Exercise brief ▸ Below this sentence is a listing; return exactly its lines from the one with "#194=VECTOR('',#193,1.);" to the one with "#227=VECTOR('',#226,1.);", both kept, and nothing more.

[Start of section]

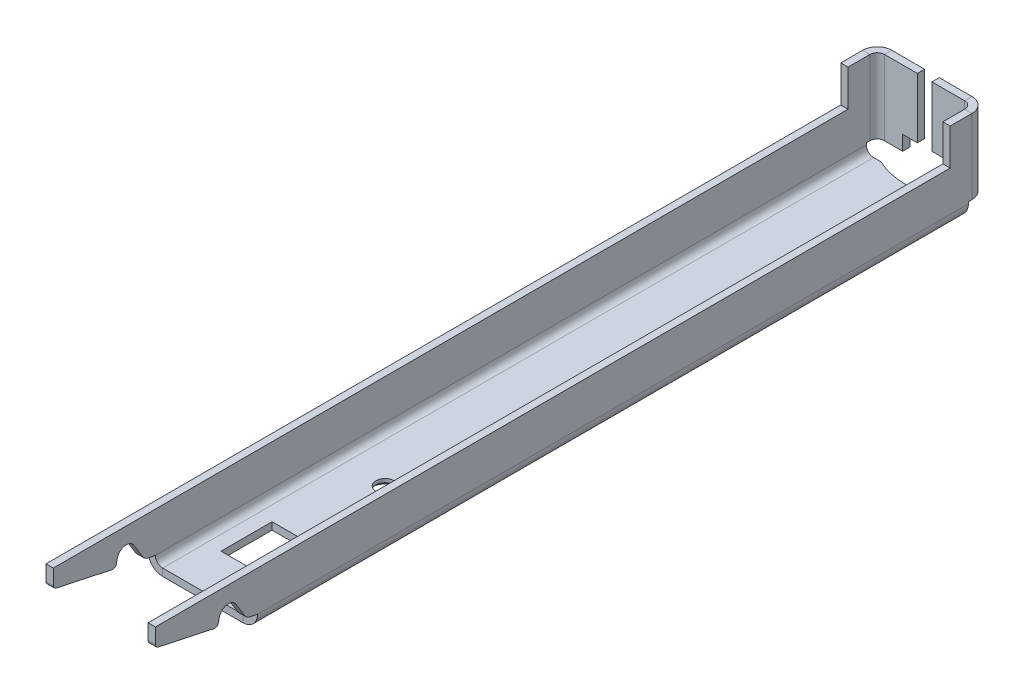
ISO-10303-21;
HEADER;
FILE_DESCRIPTION(('STEP AP214'),'2;1');
FILE_NAME('part.step','',(''),(''),'','','');
FILE_SCHEMA(('AUTOMOTIVE_DESIGN { 1 0 10303 214 1 1 1 1 }'));
ENDSEC;
DATA;
#1=APPLICATION_CONTEXT('core data for automotive mechanical design processes');
#2=APPLICATION_PROTOCOL_DEFINITION('international standard','automotive_design',2000,#1);
#3=PRODUCT_CONTEXT('',#1,'mechanical');
#4=PRODUCT('Part','Part','',(#3));
#5=PRODUCT_RELATED_PRODUCT_CATEGORY('part','',(#4));
#6=PRODUCT_DEFINITION_FORMATION('','',#4);
#7=PRODUCT_DEFINITION_CONTEXT('part definition',#1,'design');
#8=PRODUCT_DEFINITION('design','',#6,#7);
#9=PRODUCT_DEFINITION_SHAPE('','',#8);
#10=(LENGTH_UNIT() NAMED_UNIT(*) SI_UNIT(.MILLI.,.METRE.));
#11=(NAMED_UNIT(*) PLANE_ANGLE_UNIT() SI_UNIT($,.RADIAN.));
#12=(NAMED_UNIT(*) SI_UNIT($,.STERADIAN.) SOLID_ANGLE_UNIT());
#13=UNCERTAINTY_MEASURE_WITH_UNIT(LENGTH_MEASURE(1.E-05),#10,'distance_accuracy_value','');
#14=(GEOMETRIC_REPRESENTATION_CONTEXT(3) GLOBAL_UNCERTAINTY_ASSIGNED_CONTEXT((#13)) GLOBAL_UNIT_ASSIGNED_CONTEXT((#10,
#11,#12)) REPRESENTATION_CONTEXT('',''));
#15=CARTESIAN_POINT('',(0.,0.,0.));
#16=DIRECTION('',(0.,0.,1.));
#17=DIRECTION('',(1.,0.,0.));
#18=AXIS2_PLACEMENT_3D('',#15,#16,#17);
#19=CARTESIAN_POINT('',(-3.00000000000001,0.249999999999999,27.1007662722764));
#20=DIRECTION('',(-1.,0.,0.));
#21=DIRECTION('',(0.,-1.,0.));
#22=AXIS2_PLACEMENT_3D('',#19,#20,#21);
#23=PLANE('',#22);
#24=DIRECTION('',(0.,0.,1.));
#25=VECTOR('',#24,1.);
#26=CARTESIAN_POINT('',(-3.00000000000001,2.25000000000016,27.1007662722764));
#27=LINE('',#26,#25);
#28=CARTESIAN_POINT('',(-3.00000000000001,2.24999999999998,0.));
#29=VERTEX_POINT('',#28);
#30=CARTESIAN_POINT('',(-3.00000000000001,2.24999999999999,1.));
#31=VERTEX_POINT('',#30);
#32=EDGE_CURVE('E387',#29,#31,#27,.T.);
#33=ORIENTED_EDGE('',*,*,#32,.F.);
#34=DIRECTION('',(0.,1.,0.));
#35=VECTOR('',#34,1.);
#36=CARTESIAN_POINT('',(-3.00000000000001,0.249999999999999,0.));
#37=LINE('',#36,#35);
#38=CARTESIAN_POINT('',(-3.00000000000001,4.25,0.));
#39=VERTEX_POINT('',#38);
#40=EDGE_CURVE('E54',#29,#39,#37,.T.);
#41=ORIENTED_EDGE('',*,*,#40,.T.);
#42=DIRECTION('',(0.,0.,-1.));
#43=VECTOR('',#42,1.);
#44=CARTESIAN_POINT('',(-3.00000000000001,4.24999999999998,27.1007662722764));
#45=LINE('',#44,#43);
#46=CARTESIAN_POINT('',(-3.00000000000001,4.25,0.999999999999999));
#47=VERTEX_POINT('',#46);
#48=EDGE_CURVE('E850',#47,#39,#45,.T.);
#49=ORIENTED_EDGE('',*,*,#48,.F.);
#50=DIRECTION('',(0.,1.,0.));
#51=VECTOR('',#50,1.);
#52=CARTESIAN_POINT('',(-3.00000000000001,0.250000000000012,0.999999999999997));
#53=LINE('',#52,#51);
#54=EDGE_CURVE('E389',#31,#47,#53,.T.);
#55=ORIENTED_EDGE('',*,*,#54,.F.);
#56=EDGE_LOOP('',(#33,#41,#49,#55));
#57=FACE_BOUND('',#56,.T.);
#58=ADVANCED_FACE('F33',(#57),#23,.F.);
#59=CARTESIAN_POINT('',(-0.999999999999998,7.49999999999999,0.999999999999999));
#60=DIRECTION('',(0.,0.,1.));
#61=DIRECTION('',(0.,-1.,0.));
#62=AXIS2_PLACEMENT_3D('',#59,#60,#61);
#63=PLANE('',#62);
#64=DIRECTION('',(1.,0.,0.));
#65=VECTOR('',#64,1.);
#66=CARTESIAN_POINT('',(-1.,2.24999999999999,0.999999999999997));
#67=LINE('',#66,#65);
#68=CARTESIAN_POINT('',(-5.50000000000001,2.24999999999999,0.999999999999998));
#69=VERTEX_POINT('',#68);
#70=EDGE_CURVE('E376',#69,#31,#67,.T.);
#71=ORIENTED_EDGE('',*,*,#70,.T.);
#72=ORIENTED_EDGE('',*,*,#54,.T.);
#73=DIRECTION('',(1.,0.,0.));
#74=VECTOR('',#73,1.);
#75=CARTESIAN_POINT('',(3.,4.25,0.999999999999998));
#76=LINE('',#75,#74);
#77=CARTESIAN_POINT('',(-1.,4.25,0.999999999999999));
#78=VERTEX_POINT('',#77);
#79=EDGE_CURVE('E837',#47,#78,#76,.T.);
#80=ORIENTED_EDGE('',*,*,#79,.T.);
#81=DIRECTION('',(0.,1.,0.));
#82=VECTOR('',#81,1.);
#83=CARTESIAN_POINT('',(-0.999999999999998,7.49999999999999,0.999999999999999));
#84=LINE('',#83,#82);
#85=CARTESIAN_POINT('',(-0.999999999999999,12.5,1.));
#86=VERTEX_POINT('',#85);
#87=EDGE_CURVE('E840',#78,#86,#84,.T.);
#88=ORIENTED_EDGE('',*,*,#87,.T.);
#89=DIRECTION('',(-1.,0.,0.));
#90=VECTOR('',#89,1.);
#91=CARTESIAN_POINT('',(-0.999999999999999,12.5,1.));
#92=LINE('',#91,#90);
#93=CARTESIAN_POINT('',(-5.5,12.5,1.));
#94=VERTEX_POINT('',#93);
#95=EDGE_CURVE('E379',#86,#94,#92,.T.);
#96=ORIENTED_EDGE('',*,*,#95,.T.);
#97=DIRECTION('',(0.,1.,0.));
#98=VECTOR('',#97,1.);
#99=CARTESIAN_POINT('',(-5.50000000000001,2.24999999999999,0.999999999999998));
#100=LINE('',#99,#98);
#101=EDGE_CURVE('E374',#69,#94,#100,.T.);
#102=ORIENTED_EDGE('',*,*,#101,.F.);
#103=EDGE_LOOP('',(#71,#72,#80,#88,#96,#102));
#104=FACE_BOUND('',#103,.T.);
#105=ADVANCED_FACE('F375',(#104),#63,.T.);
#106=CARTESIAN_POINT('',(7.5,7.5,0.));
#107=DIRECTION('',(0.,0.,-1.));
#108=DIRECTION('',(-1.,0.,0.));
#109=AXIS2_PLACEMENT_3D('',#106,#107,#108);
#110=PLANE('',#109);
#111=ORIENTED_EDGE('',*,*,#40,.F.);
#112=DIRECTION('',(-1.,0.,0.));
#113=VECTOR('',#112,1.);
#114=CARTESIAN_POINT('',(7.49999999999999,2.24999999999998,0.));
#115=LINE('',#114,#113);
#116=CARTESIAN_POINT('',(-5.50000000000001,2.24999999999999,0.));
#117=VERTEX_POINT('',#116);
#118=EDGE_CURVE('E826',#29,#117,#115,.T.);
#119=ORIENTED_EDGE('',*,*,#118,.T.);
#120=DIRECTION('',(0.,-1.,0.));
#121=VECTOR('',#120,1.);
#122=CARTESIAN_POINT('',(-5.50000000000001,2.24999999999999,0.));
#123=LINE('',#122,#121);
#124=CARTESIAN_POINT('',(-5.5,12.5,0.));
#125=VERTEX_POINT('',#124);
#126=EDGE_CURVE('E390',#125,#117,#123,.T.);
#127=ORIENTED_EDGE('',*,*,#126,.F.);
#128=DIRECTION('',(1.,0.,0.));
#129=VECTOR('',#128,1.);
#130=CARTESIAN_POINT('',(-1.,12.5,0.));
#131=LINE('',#130,#129);
#132=CARTESIAN_POINT('',(-1.,12.5,0.));
#133=VERTEX_POINT('',#132);
#134=EDGE_CURVE('E41',#125,#133,#131,.T.);
#135=ORIENTED_EDGE('',*,*,#134,.T.);
#136=DIRECTION('',(0.,1.,0.));
#137=VECTOR('',#136,1.);
#138=CARTESIAN_POINT('',(-0.999999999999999,7.49999999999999,0.));
#139=LINE('',#138,#137);
#140=CARTESIAN_POINT('',(-1.,4.25,0.));
#141=VERTEX_POINT('',#140);
#142=EDGE_CURVE('E828',#141,#133,#139,.T.);
#143=ORIENTED_EDGE('',*,*,#142,.F.);
#144=DIRECTION('',(1.,0.,0.));
#145=VECTOR('',#144,1.);
#146=CARTESIAN_POINT('',(3.,4.25,0.));
#147=LINE('',#146,#145);
#148=EDGE_CURVE('E831',#39,#141,#147,.T.);
#149=ORIENTED_EDGE('',*,*,#148,.F.);
#150=EDGE_LOOP('',(#111,#119,#127,#135,#143,#149));
#151=FACE_BOUND('',#150,.T.);
#152=ADVANCED_FACE('F855',(#151),#110,.T.);
#153=CARTESIAN_POINT('',(-105.856194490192,2.24999999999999,198.121789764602));
#154=DIRECTION('',(0.,1.,0.));
#155=DIRECTION('',(0.,0.,-1.));
#156=AXIS2_PLACEMENT_3D('',#153,#154,#155);
#157=PLANE('',#156);
#158=DIRECTION('',(0.,0.,1.));
#159=VECTOR('',#158,1.);
#160=CARTESIAN_POINT('',(-5.49999999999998,2.2499999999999,198.121789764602));
#161=LINE('',#160,#159);
#162=EDGE_CURVE('E11',#117,#69,#161,.T.);
#163=ORIENTED_EDGE('',*,*,#162,.F.);
#164=ORIENTED_EDGE('',*,*,#118,.F.);
#165=ORIENTED_EDGE('',*,*,#32,.T.);
#166=ORIENTED_EDGE('',*,*,#70,.F.);
#167=EDGE_LOOP('',(#163,#164,#165,#166));
#168=FACE_BOUND('',#167,.T.);
#169=ADVANCED_FACE('F35',(#168),#157,.F.);
#170=CARTESIAN_POINT('',(3.,4.24999999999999,27.1007662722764));
#171=DIRECTION('',(0.,1.,0.));
#172=DIRECTION('',(-1.,0.,0.));
#173=AXIS2_PLACEMENT_3D('',#170,#171,#172);
#174=PLANE('',#173);
#175=ORIENTED_EDGE('',*,*,#148,.T.);
#176=DIRECTION('',(0.,0.,-1.));
#177=VECTOR('',#176,1.);
#178=CARTESIAN_POINT('',(-1.,4.24999999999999,27.1007662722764));
#179=LINE('',#178,#177);
#180=EDGE_CURVE('E847',#78,#141,#179,.T.);
#181=ORIENTED_EDGE('',*,*,#180,.F.);
#182=ORIENTED_EDGE('',*,*,#79,.F.);
#183=ORIENTED_EDGE('',*,*,#48,.T.);
#184=EDGE_LOOP('',(#175,#181,#182,#183));
#185=FACE_BOUND('',#184,.T.);
#186=ADVANCED_FACE('F865',(#185),#174,.F.);
#187=CARTESIAN_POINT('',(-0.999999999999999,7.49999999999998,27.1007662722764));
#188=DIRECTION('',(-1.,0.,0.));
#189=DIRECTION('',(0.,-1.,0.));
#190=AXIS2_PLACEMENT_3D('',#187,#188,#189);
#191=PLANE('',#190);
#192=ORIENTED_EDGE('',*,*,#142,.T.);
#193=DIRECTION('',(0.,0.,-1.));
#194=VECTOR('',#193,1.);
#195=CARTESIAN_POINT('',(-1.,12.5,27.1007662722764));
#196=LINE('',#195,#194);
#197=EDGE_CURVE('E845',#86,#133,#196,.T.);
#198=ORIENTED_EDGE('',*,*,#197,.F.);
#199=ORIENTED_EDGE('',*,*,#87,.F.);
#200=ORIENTED_EDGE('',*,*,#180,.T.);
#201=EDGE_LOOP('',(#192,#198,#199,#200));
#202=FACE_BOUND('',#201,.T.);
#203=ADVANCED_FACE('F861',(#202),#191,.F.);
#204=CARTESIAN_POINT('',(-1.,12.5,27.1007662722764));
#205=DIRECTION('',(0.,-1.,0.));
#206=DIRECTION('',(1.,0.,0.));
#207=AXIS2_PLACEMENT_3D('',#204,#205,#206);
#208=PLANE('',#207);
#209=ORIENTED_EDGE('',*,*,#134,.F.);
#210=DIRECTION('',(0.,0.,-1.));
#211=VECTOR('',#210,1.);
#212=CARTESIAN_POINT('',(-5.5,12.5,27.1007662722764));
#213=LINE('',#212,#211);
#214=EDGE_CURVE('E385',#94,#125,#213,.T.);
#215=ORIENTED_EDGE('',*,*,#214,.F.);
#216=ORIENTED_EDGE('',*,*,#95,.F.);
#217=ORIENTED_EDGE('',*,*,#197,.T.);
#218=EDGE_LOOP('',(#209,#215,#216,#217));
#219=FACE_BOUND('',#218,.T.);
#220=ADVANCED_FACE('F858',(#219),#208,.F.);
#221=CARTESIAN_POINT('',(3.,0.250000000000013,27.1007662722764));
#222=DIRECTION('',(-1.,0.,0.));
#223=DIRECTION('',(0.,-1.,0.));
#224=AXIS2_PLACEMENT_3D('',#221,#222,#223);
#225=PLANE('',#224);
#226=DIRECTION('',(0.,-1.,0.));
#227=VECTOR('',#226,1.);
#228=CARTESIAN_POINT('',(3.,0.249999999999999,0.));
#229=LINE('',#228,#227);
#230=CARTESIAN_POINT('',(3.,4.25,0.));
#231=VERTEX_POINT('',#230);
#232=CARTESIAN_POINT('',(3.,2.25000000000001,0.));
#233=VERTEX_POINT('',#232);
#234=EDGE_CURVE('E779',#231,#233,#229,.T.);
#235=ORIENTED_EDGE('',*,*,#234,.T.);
#236=DIRECTION('',(0.,0.,1.));
#237=VECTOR('',#236,1.);
#238=CARTESIAN_POINT('',(3.,2.24999999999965,27.1007662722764));
#239=LINE('',#238,#237);
#240=CARTESIAN_POINT('',(3.,2.24999999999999,1.));
#241=VERTEX_POINT('',#240);
#242=EDGE_CURVE('E776',#233,#241,#239,.T.);
#243=ORIENTED_EDGE('',*,*,#242,.T.);
#244=DIRECTION('',(0.,1.,0.));
#245=VECTOR('',#244,1.);
#246=CARTESIAN_POINT('',(3.,0.25,1.));
#247=LINE('',#246,#245);
#248=CARTESIAN_POINT('',(3.,4.25,0.999999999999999));
#249=VERTEX_POINT('',#248);
#250=EDGE_CURVE('E800',#241,#249,#247,.T.);
#251=ORIENTED_EDGE('',*,*,#250,.T.);
#252=DIRECTION('',(0.,0.,-1.));
#253=VECTOR('',#252,1.);
#254=CARTESIAN_POINT('',(3.,4.25000000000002,27.1007662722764));
#255=LINE('',#254,#253);
#256=EDGE_CURVE('E805',#249,#231,#255,.T.);
#257=ORIENTED_EDGE('',*,*,#256,.T.);
#258=EDGE_LOOP('',(#235,#243,#251,#257));
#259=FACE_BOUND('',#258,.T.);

[End of section]

Response to the exercise ▸
#194=VECTOR('',#193,1.);
#195=CARTESIAN_POINT('',(-1.,12.5,27.1007662722764));
#196=LINE('',#195,#194);
#197=EDGE_CURVE('E845',#86,#133,#196,.T.);
#198=ORIENTED_EDGE('',*,*,#197,.F.);
#199=ORIENTED_EDGE('',*,*,#87,.F.);
#200=ORIENTED_EDGE('',*,*,#180,.T.);
#201=EDGE_LOOP('',(#192,#198,#199,#200));
#202=FACE_BOUND('',#201,.T.);
#203=ADVANCED_FACE('F861',(#202),#191,.F.);
#204=CARTESIAN_POINT('',(-1.,12.5,27.1007662722764));
#205=DIRECTION('',(0.,-1.,0.));
#206=DIRECTION('',(1.,0.,0.));
#207=AXIS2_PLACEMENT_3D('',#204,#205,#206);
#208=PLANE('',#207);
#209=ORIENTED_EDGE('',*,*,#134,.F.);
#210=DIRECTION('',(0.,0.,-1.));
#211=VECTOR('',#210,1.);
#212=CARTESIAN_POINT('',(-5.5,12.5,27.1007662722764));
#213=LINE('',#212,#211);
#214=EDGE_CURVE('E385',#94,#125,#213,.T.);
#215=ORIENTED_EDGE('',*,*,#214,.F.);
#216=ORIENTED_EDGE('',*,*,#95,.F.);
#217=ORIENTED_EDGE('',*,*,#197,.T.);
#218=EDGE_LOOP('',(#209,#215,#216,#217));
#219=FACE_BOUND('',#218,.T.);
#220=ADVANCED_FACE('F858',(#219),#208,.F.);
#221=CARTESIAN_POINT('',(3.,0.250000000000013,27.1007662722764));
#222=DIRECTION('',(-1.,0.,0.));
#223=DIRECTION('',(0.,-1.,0.));
#224=AXIS2_PLACEMENT_3D('',#221,#222,#223);
#225=PLANE('',#224);
#226=DIRECTION('',(0.,-1.,0.));
#227=VECTOR('',#226,1.);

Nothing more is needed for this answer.